Вадим вытряхнул из наплечной сумки мобильник и включил диктофон.

– Ну так что ж тебе рассказать, Максим? – протянул Веня, подпирая рукой щёку. Может, у лобастого и был удалой вид, но глаза оставались серьёзными.

– Меня интересует быт простых водителей, их судьбы, то, как профессия отразилась на их жизнях, – нараспев затянул Вадим. Последний раз он плёл чушь столь вдохновенно на университетских экзаменах. – И, само собой, интересные случаи, необычные случаи, которые происходили с вами.

– Был случай! – оживился дядя Митя. – Вышел я на рейс. Ко мне барышня садится. Говорит, денег нет, дядя Митя, а давай я тебе за проезд отсос сделаю? И юбку красную задирает – («задирая»), – а под юбкой ничего. Ну я такой…

– Умолкни, гемор! – гаркнул Веня. Кофейная банка в который раз брякнула. – У него болезнь какая-то в котелке: говорит и говорит, что взбредёт, совсем язык за зубами не держится, – посетовал он.

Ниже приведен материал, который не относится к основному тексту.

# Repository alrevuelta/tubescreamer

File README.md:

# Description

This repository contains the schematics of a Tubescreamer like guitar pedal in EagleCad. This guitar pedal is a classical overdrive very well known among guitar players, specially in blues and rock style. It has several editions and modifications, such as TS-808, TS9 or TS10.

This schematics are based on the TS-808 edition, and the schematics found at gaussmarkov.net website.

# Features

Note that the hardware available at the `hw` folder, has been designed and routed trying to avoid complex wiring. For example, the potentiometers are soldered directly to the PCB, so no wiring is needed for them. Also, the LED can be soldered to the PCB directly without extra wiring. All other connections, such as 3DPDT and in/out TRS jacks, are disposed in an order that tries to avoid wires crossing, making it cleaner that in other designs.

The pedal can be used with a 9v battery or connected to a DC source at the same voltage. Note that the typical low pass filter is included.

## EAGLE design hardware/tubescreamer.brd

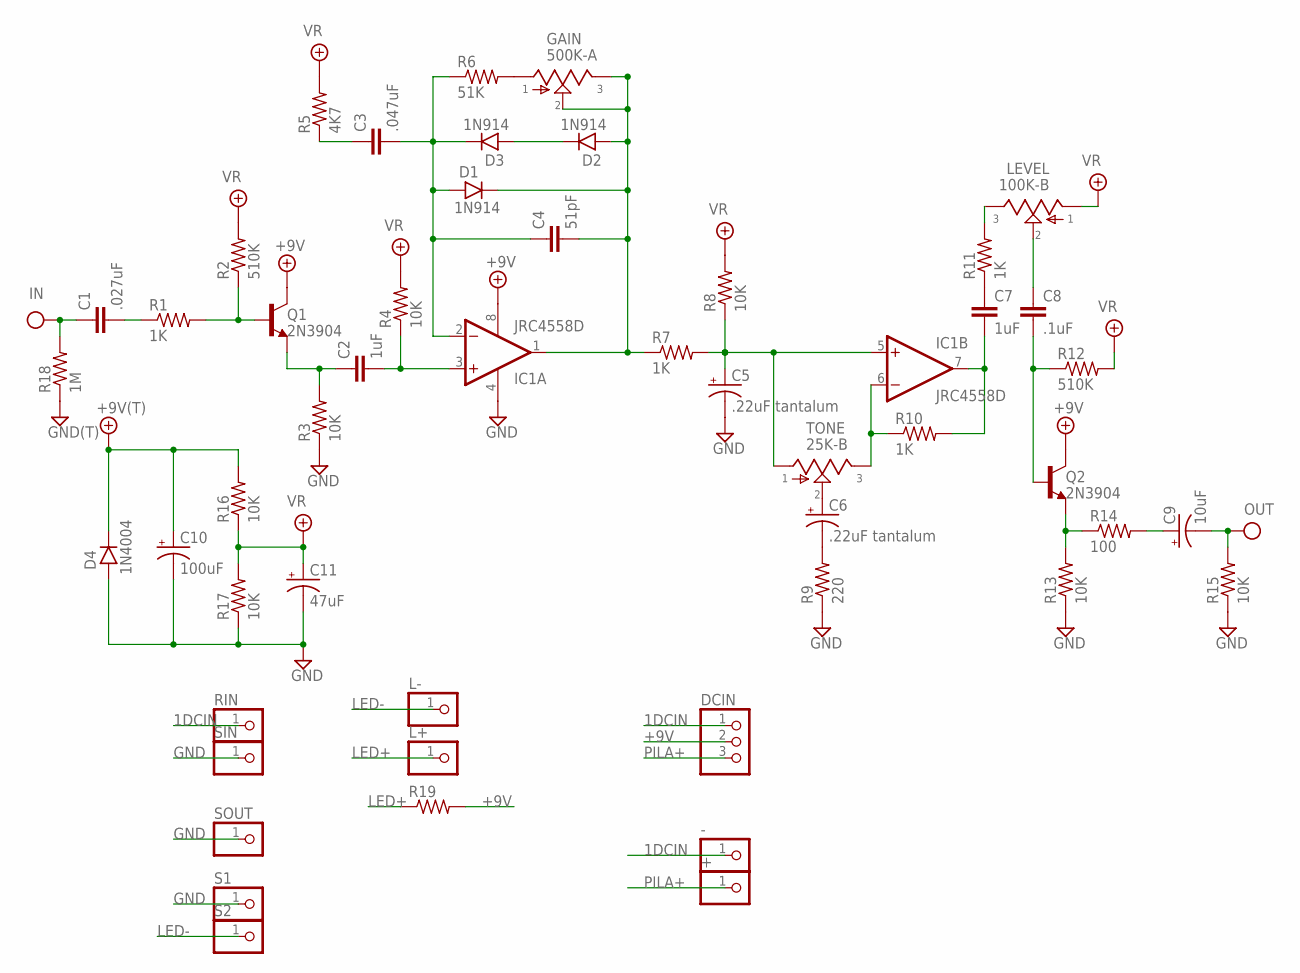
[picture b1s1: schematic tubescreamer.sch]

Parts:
+: PINHD-1X1CB; 1X01-CLEANBIG
+9V: +9V(T); PAD
-: PINHD-1X1CB; 1X01-CLEANBIG
C1: .027uF; 072X025
C2, C7: 1uF; 072X035
C3: .047uF; 072X025
C4: 51pF; 050X030_025_2
C5: .22uF tantalum; 044A_2
C6: .22uF tantalum; 044A
C8: .1uF; 072X025
C9: 10uF; 050_020_1
C10: 100uF; 063_025
C11: 47uF; 050_020_1
D1, D2, D3: 1N914; DO35-2
D4: 1N4004; DO41-3
DCIN: PINHD-1X3CB; 1X03-CLEANBIG
GAIN: 500K-A; POT
GND: GND(T); PAD
IC1: JRC4558D; DIL08
IN: IN(T); PAD
L+: PINHD-1X1CB; 1X01-CLEANBIG
L-: PINHD-1X1CB; 1X01-CLEANBIG
LEVEL: 100K-B; POT
OUT: OUT(T); PAD
Q1, Q2: 2N3904; TO92-
R1, R7, R10, R11: 1K; R0207/1V
R2, R12: 510K; R0207/1V
R3, R4, R8, R13, R15, R16, R17: 10K; R0207/1V
R5: 4K7; R0207/1V
R6: 51K; R0207/1V
R9: 220; R0207/1V
R14: 100; R0207/1V
R18: 1M; R0207/1V
R19: 6MM.1; R0207/1V
RIN: PINHD-1X1CB; 1X01-CLEANBIG
S1, S2: PINHD-1X1CB; 1X01-CLEANBIG
SIN: PINHD-1X1CB; 1X01-CLEANBIG
SOUT: PINHD-1X1CB; 1X01-CLEANBIG
TONE: 25K-B; POT

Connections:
1DCIN: -.1, DCIN.1, RIN.1
+9V: +9V.1, C10.+, D4.C, DCIN.2, IC1.8 (V+), Q1.1 (C), Q2.1 (C), R16.2, R19.2
GND: C5.2 (-), C10.-, C11.-, D4.A, GND.1, IC1.4 (V-), R3.1, R9.1, R13.1, R15.1, R17.1, R18.1, S1.1, SIN.1, SOUT.1
IN: C1.1, IN.1, R18.2
LED+: L+.1, R19.1
LED-: L-.1, S2.1
unnamed: GAIN.1, R6.2
unnamed: C1.2, R1.1
unnamed: Q1.2 (B), R1.2, R2.1
unnamed: C2.2, IC1.3 (+IN), R4.1
unnamed: C3.2, C4.1, D1.A, D3.C, IC1.2 (-IN), R6.1
unnamed: C2.1, Q1.3 (E), R3.2
unnamed: C4.2, D1.C, D2.A, GAIN.2, GAIN.3, IC1.1 (OUT), R7.1
unnamed: C6.1 (+), TONE.2
unnamed: C5.1 (+), IC1.5 (+IN), R7.2, R8.1, TONE.1
unnamed: IC1.6 (-IN), R10.1, TONE.3
unnamed: C3.1, R5.1
unnamed: C6.2 (-), R9.2
unnamed: C7.1, R11.1
unnamed: C7.2, IC1.7 (OUT), R10.2
unnamed: LEVEL.3, R11.2
unnamed: Q2.3 (E), R13.2, R14.1
unnamed: C8.1, LEVEL.2
unnamed: C8.2, Q2.2 (B), R12.1
unnamed: C9.+, R14.2
unnamed: D2.C, D3.A
OUT: C9.-, OUT.1, R15.2
PILA+: +.1, DCIN.3
VR: C11.+, LEVEL.1, R2.2, R4.2, R5.2, R8.2, R12.2, R16.1, R17.2

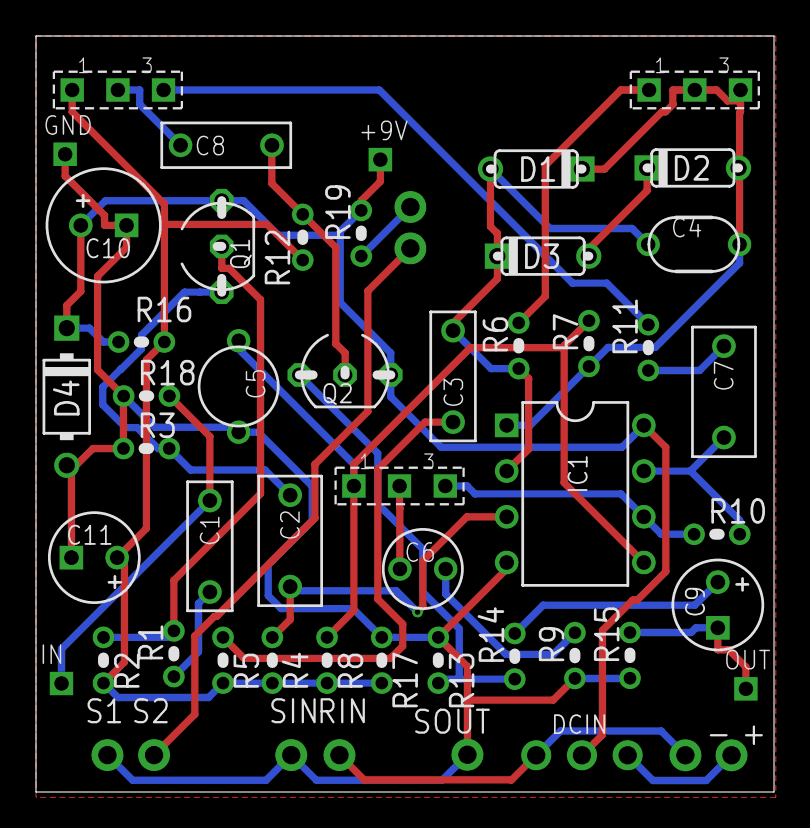
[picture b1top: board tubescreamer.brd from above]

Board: 2 copper layers, 41.0 x 42.0 mm, 54 parts (0 on the bottom side), 29 nets.

Следующий час Вадим смиренно выслушивал историю неприметной жизни Вени: немного сельской школы, много армии, дембель, училище, МУП. На втором часу Вадим начал чувствовать себя так, будто и сам провёл за баранкой лет двадцать. Заурядность биографии вгоняла в сон. Веня и сам подвыдохся. Вадим воспользовался паузой:

– А скажи, – (по настоянию Вени они перешли на «ты»), – что за автобус такой номер «четыре»?

Тени на враз затвердевшем лице Вени сделались глубже, словно лобастый попытался спрятаться в них; очертили, как резцами, морщины, превратили лицо в череп.

– Такого нет, – произнёс он изменившимся голосом: глухим, как у погребённого заживо.

– Я видел. – Вадим старался говорить беспечно. – Трижды. Своими глазами. Он показался мне странным…

Позади переглянулись картёжники. Подобралась, заворчала Ника.

– Нет такого, – отрезал Веня.

Казалось, вокруг лобастого возросла гравитация, словно он был планетой Юпитер, ещё немного – и разорвёт в клочья. Глаза Вени угрожающе блеснули из каверн под бровями. Он в момент утратил всякое сходство с добрым разбойником и превратился в просто разбойника.

– А я ведь тебя знаю, – прогремел он. – Тебя показывали в новостях.

– Почему все скрывают?! – сорвался Вадим. – Что не так с этой «четвёркой»?!